Quand je cherche à évoquer sa marche dans l’Histoire, qu’il remplit, et qui laisse pourtant une impression d’épouvantable solitude, je songe à la phrase de Chateaubriand contant la fameuse séance où Louis XVIII, reçu par les acclamations de tous, vint se solidariser avec ses Chambres à l’approche de l’usurpateur : « Les cris cessent, tout se tait. Dans cet intervalle de silence, on croyait entendre les pas lointains de Napoléon. »

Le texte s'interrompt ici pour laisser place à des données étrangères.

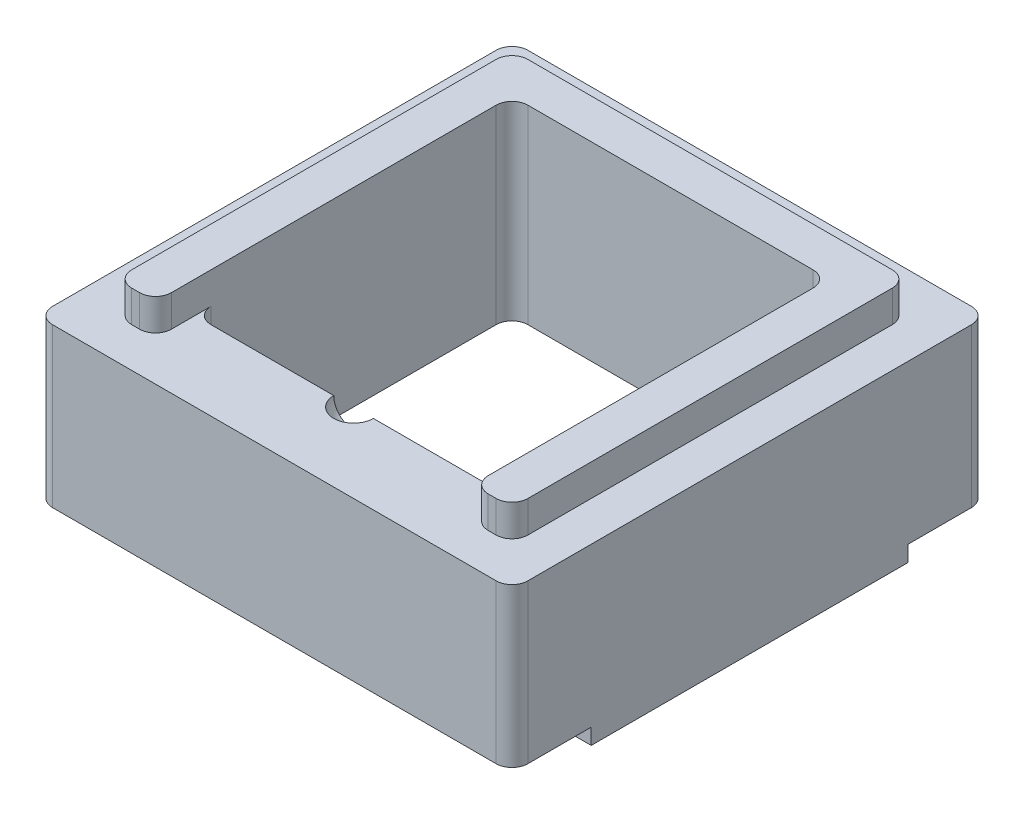
from build123d import *

# Parameters (mm, degrees)
BOSS_EXTRUDE1_DEPTH = 2
SKETCH3_W           = 30
SKETCH3_H           = 30
SKETCH3_W_2         = 20
SKETCH3_H_2         = 20
BOSS_EXTRUDE2_DEPTH = 10
SKETCH4_W           = 1.5
SKETCH4_H           = 20
BOSS_EXTRUDE3_DEPTH = 1
FILLET2_R           = 1


with BuildPart() as part:
    # Sketch1 → Boss-Extrude1 (new body)
    with BuildSketch(Plane(origin=(0, 0, 0), x_dir=(1, 0, 0), z_dir=(0, 1, 0))):
        Polygon((-12.5, 12.5), (-12.5, -12.5), (-10, -12.5), (-10, 10), (10, 10), (10, -12.5), (12.5, -12.5), (12.5, 12.5), align=None)
    extrude(amount=BOSS_EXTRUDE1_DEPTH)

    # Sketch3 → Boss-Extrude2 (add)
    with BuildSketch(Plane.XZ):
        Rectangle(SKETCH3_W, SKETCH3_H)
        Rectangle(SKETCH3_W_2, SKETCH3_H_2, mode=Mode.SUBTRACT)
    extrude(amount=BOSS_EXTRUDE2_DEPTH)

    # Sketch4 → Boss-Extrude3 (add)
    with BuildSketch(Plane.XZ.offset(10)):
        with Locations((-14.25, 0)):
            Rectangle(SKETCH4_W, SKETCH4_H)
        with Locations((14.25, 0)):
            Rectangle(SKETCH4_W, SKETCH4_H)
    extrude(amount=BOSS_EXTRUDE3_DEPTH)

    # Sketch5 → Cut-Revolve4 (revolve, cut)
    with BuildSketch(Plane(origin=(0, 0, 0), x_dir=(0, 0, -1), z_dir=(1, 0, 0))):
        with BuildLine():
            Line((-8.75, 0), (-11.25, 0))
            ThreePointArc((-11.25, 0), (-10, -1.25), (-8.75, 0))
        make_face()
    revolve(axis=Axis((0, 0, 1000), (0, 0, -1)), mode=Mode.SUBTRACT)

    # Fillet2
    fillet2_edges = [part.edges().sort_by_distance(p)[0] for p in [
        (-15, -5, 15),
        (15, -5, 15),
        (15, -5, -15),
        (-15, -5, -15),
        (-10, -4, -10),
        (-10, -5, 10),
        (10, -5, 10),
        (10, -4, -10),
        (-10, 1, 12.5),
        (12.5, 1, -12.5),
        (12.5, 1, 12.5),
        (10, 1, 12.5),
        (-12.5, 1, 12.5),
        (-12.5, 1, -12.5),
    ]]
    fillet(fillet2_edges, radius=FILLET2_R)


solid = part.part

Son pas reste lointain. J’en ai parlé souvent, ici. Mais c’est qu’on ne s’en est pas rendu compte, bien que cet isolement singulier constitue la marque la plus imposante de son génie et livre le sens profond de son exil parmi nous. Il le cherchait dans sa jeunesse, attribuant ingénûment le besoin qu’il avait de lui « aux maux qu’avaient souffert la Corse et sa famille »[17]. Il aimait le désert, cet « Océan de pied ferme, l’image de l’infini[Z]. » Et c’est le sort de ceux que la solitude attire et qui recherchent avidement ses conditions extérieures, de la sentir monter en eux à mesure que le bruit du succès augmente ou que la rumeur de la gloire vient les environner.

[17] Bourrienne.

Le voici. Il est isolé de l’Europe par le rideau de flamme de la guerre. Il est isolé de la France par sa qualité d’Italien. Il est isolé du futur par la haine de ses détracteurs et l’imbécillité de ses thuriféraires. Il est isolé des artistes par leur dédain de l’action. Il est isolé des hommes positifs par la qualité lyrique de cette action. Il est isolé de la démocratie par ses instincts d’aristocrate. Il est isolé de l’aristocratie par sa volonté de démocrate. Il est isolé en même temps des croyants et des incrédules par cette foi informulable du poète qui est la plus vaste de toutes mais qui, par cela même, fait éclater les cadres de la foi. Et tout cela n’est pas assez. Tout cela n’est rien. Il est isolé de tous les cœurs par la nature de son cœur.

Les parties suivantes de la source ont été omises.